Using the records below, quote only the span that opens with the line containing "#20831 = DIRECTION" and closes with the line containing "#23069 = DIRECTION", exactly and inclusively.

— Material to process —

---+---

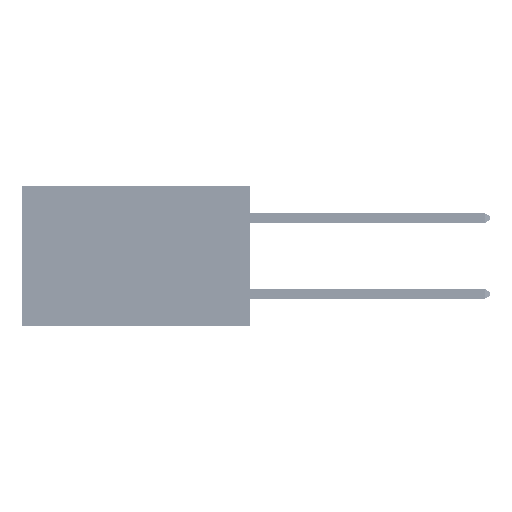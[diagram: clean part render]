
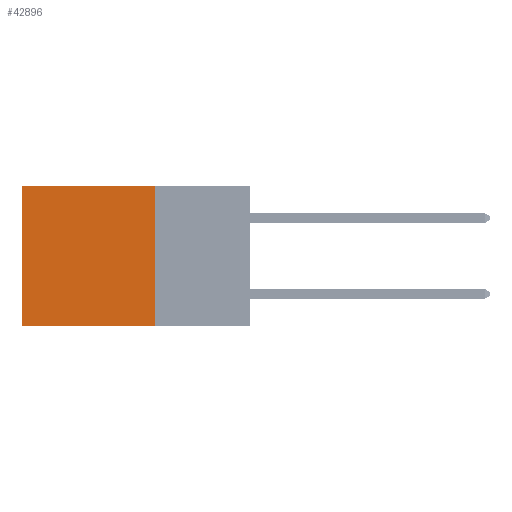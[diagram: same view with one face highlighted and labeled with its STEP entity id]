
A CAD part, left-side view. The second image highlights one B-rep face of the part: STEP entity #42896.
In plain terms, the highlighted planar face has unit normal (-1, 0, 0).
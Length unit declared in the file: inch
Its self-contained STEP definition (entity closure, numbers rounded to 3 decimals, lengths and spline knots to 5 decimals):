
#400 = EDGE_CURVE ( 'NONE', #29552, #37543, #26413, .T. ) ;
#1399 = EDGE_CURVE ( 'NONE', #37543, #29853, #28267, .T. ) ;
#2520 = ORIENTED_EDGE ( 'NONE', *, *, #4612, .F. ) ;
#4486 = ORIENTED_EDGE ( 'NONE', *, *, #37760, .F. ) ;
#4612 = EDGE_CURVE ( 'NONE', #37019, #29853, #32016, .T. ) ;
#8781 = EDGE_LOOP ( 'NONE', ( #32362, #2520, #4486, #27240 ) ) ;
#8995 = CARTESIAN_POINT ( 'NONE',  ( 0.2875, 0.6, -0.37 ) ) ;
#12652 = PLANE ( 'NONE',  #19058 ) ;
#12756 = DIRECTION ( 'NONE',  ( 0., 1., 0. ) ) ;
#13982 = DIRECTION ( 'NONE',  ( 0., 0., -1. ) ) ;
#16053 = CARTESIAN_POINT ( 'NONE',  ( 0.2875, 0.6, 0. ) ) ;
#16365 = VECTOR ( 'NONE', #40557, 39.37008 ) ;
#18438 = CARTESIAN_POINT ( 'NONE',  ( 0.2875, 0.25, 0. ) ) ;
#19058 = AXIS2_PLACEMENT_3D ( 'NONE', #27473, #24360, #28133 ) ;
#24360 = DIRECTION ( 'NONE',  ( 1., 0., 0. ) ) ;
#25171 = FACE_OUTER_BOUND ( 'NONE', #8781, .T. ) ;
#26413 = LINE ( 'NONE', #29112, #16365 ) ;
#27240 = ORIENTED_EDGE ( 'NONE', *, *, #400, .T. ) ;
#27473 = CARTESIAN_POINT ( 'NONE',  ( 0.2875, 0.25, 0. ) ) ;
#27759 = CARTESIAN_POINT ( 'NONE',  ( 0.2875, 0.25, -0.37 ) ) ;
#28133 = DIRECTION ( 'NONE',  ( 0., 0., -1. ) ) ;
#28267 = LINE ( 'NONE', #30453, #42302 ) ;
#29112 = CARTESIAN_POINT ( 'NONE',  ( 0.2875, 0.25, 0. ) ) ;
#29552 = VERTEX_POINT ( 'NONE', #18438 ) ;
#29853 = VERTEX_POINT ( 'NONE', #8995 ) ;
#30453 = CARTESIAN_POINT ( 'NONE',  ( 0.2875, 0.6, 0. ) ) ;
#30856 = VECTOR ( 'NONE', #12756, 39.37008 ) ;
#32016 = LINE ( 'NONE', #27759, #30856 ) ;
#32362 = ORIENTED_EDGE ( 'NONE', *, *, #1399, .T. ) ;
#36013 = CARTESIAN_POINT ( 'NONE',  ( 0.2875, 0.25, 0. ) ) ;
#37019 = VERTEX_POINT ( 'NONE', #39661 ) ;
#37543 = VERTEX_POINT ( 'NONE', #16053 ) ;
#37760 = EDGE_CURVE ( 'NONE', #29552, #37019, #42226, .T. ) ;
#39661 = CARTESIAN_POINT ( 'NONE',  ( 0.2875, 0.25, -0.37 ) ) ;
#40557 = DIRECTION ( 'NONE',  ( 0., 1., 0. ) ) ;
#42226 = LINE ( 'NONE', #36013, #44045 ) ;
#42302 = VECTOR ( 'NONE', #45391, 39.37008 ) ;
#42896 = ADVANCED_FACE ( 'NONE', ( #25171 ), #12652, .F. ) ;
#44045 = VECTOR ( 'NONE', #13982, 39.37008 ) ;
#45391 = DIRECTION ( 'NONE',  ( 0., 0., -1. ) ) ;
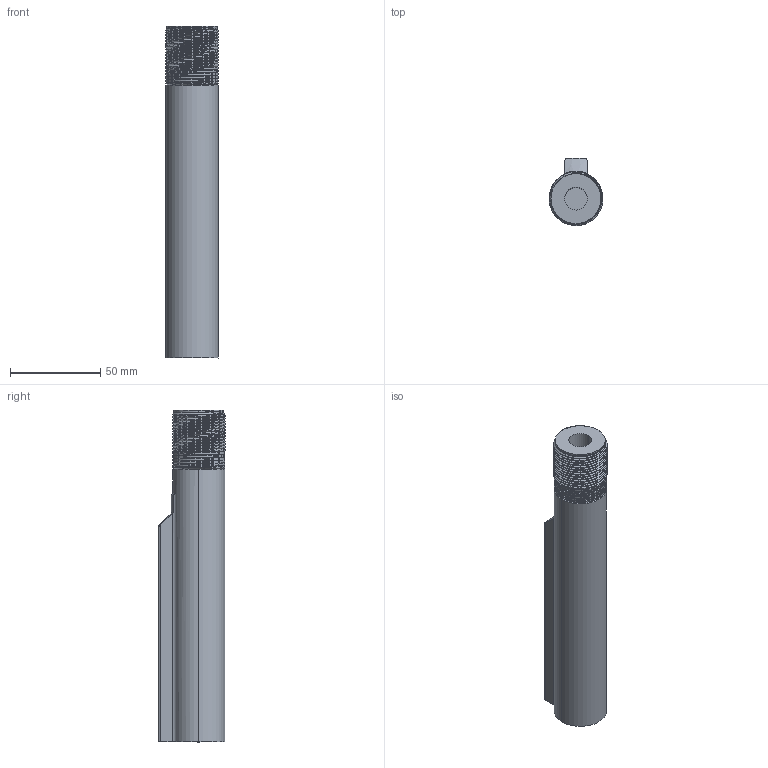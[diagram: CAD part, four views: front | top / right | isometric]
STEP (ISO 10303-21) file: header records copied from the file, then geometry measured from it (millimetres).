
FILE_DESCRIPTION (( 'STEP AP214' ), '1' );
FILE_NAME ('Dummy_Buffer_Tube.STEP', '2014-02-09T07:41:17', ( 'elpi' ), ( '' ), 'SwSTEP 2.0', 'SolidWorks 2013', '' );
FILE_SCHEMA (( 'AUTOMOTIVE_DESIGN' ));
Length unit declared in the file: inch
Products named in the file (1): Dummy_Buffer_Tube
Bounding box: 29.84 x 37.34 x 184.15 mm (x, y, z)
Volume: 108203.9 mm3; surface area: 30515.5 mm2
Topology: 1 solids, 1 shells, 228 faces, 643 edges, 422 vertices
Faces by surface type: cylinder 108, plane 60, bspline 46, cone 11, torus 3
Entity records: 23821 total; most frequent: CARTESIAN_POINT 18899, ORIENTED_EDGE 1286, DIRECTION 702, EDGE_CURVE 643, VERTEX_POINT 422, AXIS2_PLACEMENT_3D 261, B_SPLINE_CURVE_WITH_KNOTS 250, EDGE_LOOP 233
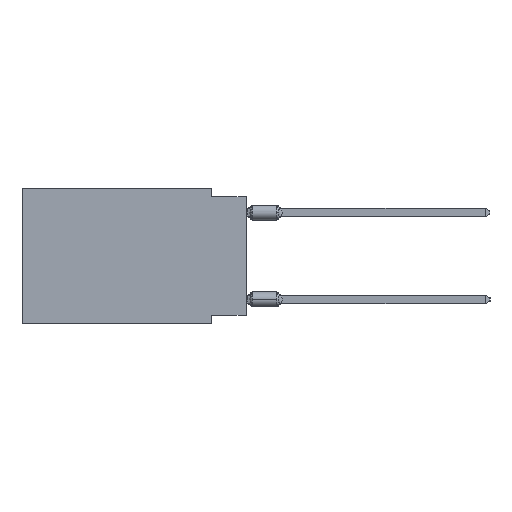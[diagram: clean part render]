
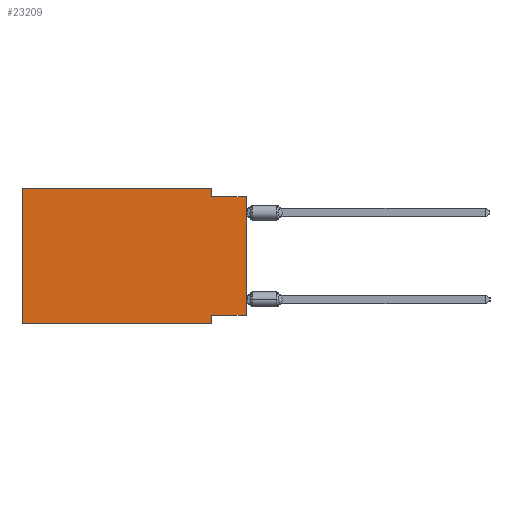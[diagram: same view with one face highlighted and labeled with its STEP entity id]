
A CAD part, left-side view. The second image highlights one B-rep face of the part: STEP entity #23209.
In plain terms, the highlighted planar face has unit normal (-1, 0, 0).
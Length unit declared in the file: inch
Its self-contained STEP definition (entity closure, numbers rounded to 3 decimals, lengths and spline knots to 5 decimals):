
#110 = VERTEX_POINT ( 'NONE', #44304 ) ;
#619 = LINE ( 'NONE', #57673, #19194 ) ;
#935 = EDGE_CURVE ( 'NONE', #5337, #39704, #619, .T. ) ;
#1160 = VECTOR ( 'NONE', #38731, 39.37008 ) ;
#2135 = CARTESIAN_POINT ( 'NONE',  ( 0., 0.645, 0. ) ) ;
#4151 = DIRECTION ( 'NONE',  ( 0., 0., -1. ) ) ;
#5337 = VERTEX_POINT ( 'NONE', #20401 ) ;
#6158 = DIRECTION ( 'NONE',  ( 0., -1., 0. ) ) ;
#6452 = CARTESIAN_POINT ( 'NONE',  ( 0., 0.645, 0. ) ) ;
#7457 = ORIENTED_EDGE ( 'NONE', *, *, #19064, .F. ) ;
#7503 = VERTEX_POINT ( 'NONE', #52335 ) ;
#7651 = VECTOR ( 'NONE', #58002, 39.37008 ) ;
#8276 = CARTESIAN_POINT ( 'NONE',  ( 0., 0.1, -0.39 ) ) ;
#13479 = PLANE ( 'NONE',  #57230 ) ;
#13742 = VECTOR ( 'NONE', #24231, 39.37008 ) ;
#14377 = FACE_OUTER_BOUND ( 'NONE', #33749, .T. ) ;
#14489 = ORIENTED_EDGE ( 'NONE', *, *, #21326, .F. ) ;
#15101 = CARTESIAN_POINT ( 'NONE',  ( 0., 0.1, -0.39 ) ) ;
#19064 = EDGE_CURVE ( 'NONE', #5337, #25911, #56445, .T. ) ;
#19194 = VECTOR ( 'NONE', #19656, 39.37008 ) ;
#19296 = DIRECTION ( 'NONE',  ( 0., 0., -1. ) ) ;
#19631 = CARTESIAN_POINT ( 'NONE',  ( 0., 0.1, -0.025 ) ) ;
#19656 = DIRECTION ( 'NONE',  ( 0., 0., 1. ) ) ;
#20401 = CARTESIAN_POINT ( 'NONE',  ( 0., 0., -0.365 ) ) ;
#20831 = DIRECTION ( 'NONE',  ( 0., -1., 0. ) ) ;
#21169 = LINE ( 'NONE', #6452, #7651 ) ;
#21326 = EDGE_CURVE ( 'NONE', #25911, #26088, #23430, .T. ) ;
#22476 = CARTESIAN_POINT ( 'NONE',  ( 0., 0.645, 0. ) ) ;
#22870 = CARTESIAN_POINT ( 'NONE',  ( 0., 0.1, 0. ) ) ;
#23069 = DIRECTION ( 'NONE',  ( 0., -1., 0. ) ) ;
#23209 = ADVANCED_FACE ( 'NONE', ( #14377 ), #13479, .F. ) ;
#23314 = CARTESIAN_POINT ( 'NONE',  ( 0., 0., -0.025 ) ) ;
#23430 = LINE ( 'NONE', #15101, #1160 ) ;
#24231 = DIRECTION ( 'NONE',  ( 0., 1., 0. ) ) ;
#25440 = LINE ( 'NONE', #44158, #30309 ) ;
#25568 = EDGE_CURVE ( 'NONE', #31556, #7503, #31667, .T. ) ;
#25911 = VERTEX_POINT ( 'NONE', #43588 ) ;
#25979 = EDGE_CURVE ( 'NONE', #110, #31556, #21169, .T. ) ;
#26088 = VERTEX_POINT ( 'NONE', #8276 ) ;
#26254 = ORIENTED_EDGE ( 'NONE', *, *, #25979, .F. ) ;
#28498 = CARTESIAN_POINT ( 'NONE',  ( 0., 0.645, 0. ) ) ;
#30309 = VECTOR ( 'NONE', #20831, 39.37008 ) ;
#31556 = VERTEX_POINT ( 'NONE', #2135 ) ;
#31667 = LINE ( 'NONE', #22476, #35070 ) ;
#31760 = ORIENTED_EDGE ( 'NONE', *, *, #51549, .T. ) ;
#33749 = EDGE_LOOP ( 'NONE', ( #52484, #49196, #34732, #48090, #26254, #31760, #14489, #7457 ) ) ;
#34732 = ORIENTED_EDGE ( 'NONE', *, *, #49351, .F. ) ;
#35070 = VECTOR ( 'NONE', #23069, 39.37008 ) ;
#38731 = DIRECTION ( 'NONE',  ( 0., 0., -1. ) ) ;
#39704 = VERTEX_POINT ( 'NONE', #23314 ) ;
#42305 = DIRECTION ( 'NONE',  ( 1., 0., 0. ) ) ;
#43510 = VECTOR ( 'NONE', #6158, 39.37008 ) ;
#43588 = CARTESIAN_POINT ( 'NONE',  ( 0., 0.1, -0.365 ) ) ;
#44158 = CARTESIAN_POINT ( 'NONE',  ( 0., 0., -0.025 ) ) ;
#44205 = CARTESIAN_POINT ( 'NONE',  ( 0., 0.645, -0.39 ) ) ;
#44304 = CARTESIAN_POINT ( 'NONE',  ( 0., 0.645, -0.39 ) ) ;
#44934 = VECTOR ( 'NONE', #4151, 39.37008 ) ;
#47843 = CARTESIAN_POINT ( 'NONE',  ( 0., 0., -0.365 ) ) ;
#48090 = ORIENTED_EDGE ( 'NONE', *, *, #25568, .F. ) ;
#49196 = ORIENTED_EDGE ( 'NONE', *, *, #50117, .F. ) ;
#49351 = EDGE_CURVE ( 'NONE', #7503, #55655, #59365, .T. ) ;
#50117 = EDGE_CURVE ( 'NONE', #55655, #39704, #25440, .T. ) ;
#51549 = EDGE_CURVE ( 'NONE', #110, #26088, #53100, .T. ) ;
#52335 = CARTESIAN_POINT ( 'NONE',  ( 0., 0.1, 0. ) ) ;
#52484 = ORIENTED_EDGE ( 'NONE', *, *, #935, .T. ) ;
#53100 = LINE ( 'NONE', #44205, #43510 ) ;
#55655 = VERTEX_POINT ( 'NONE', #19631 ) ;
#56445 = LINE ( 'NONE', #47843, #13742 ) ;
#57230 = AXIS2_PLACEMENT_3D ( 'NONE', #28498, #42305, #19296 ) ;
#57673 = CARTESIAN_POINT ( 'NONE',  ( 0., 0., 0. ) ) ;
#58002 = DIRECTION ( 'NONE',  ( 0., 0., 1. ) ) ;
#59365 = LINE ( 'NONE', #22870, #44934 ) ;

---+---

— Answer space —
#20831 = DIRECTION ( 'NONE',  ( 0., -1., 0. ) ) ;
#21169 = LINE ( 'NONE', #6452, #7651 ) ;
#21326 = EDGE_CURVE ( 'NONE', #25911, #26088, #23430, .T. ) ;
#22476 = CARTESIAN_POINT ( 'NONE',  ( 0., 0.645, 0. ) ) ;
#22870 = CARTESIAN_POINT ( 'NONE',  ( 0., 0.1, 0. ) ) ;
#23069 = DIRECTION ( 'NONE',  ( 0., -1., 0. ) ) ;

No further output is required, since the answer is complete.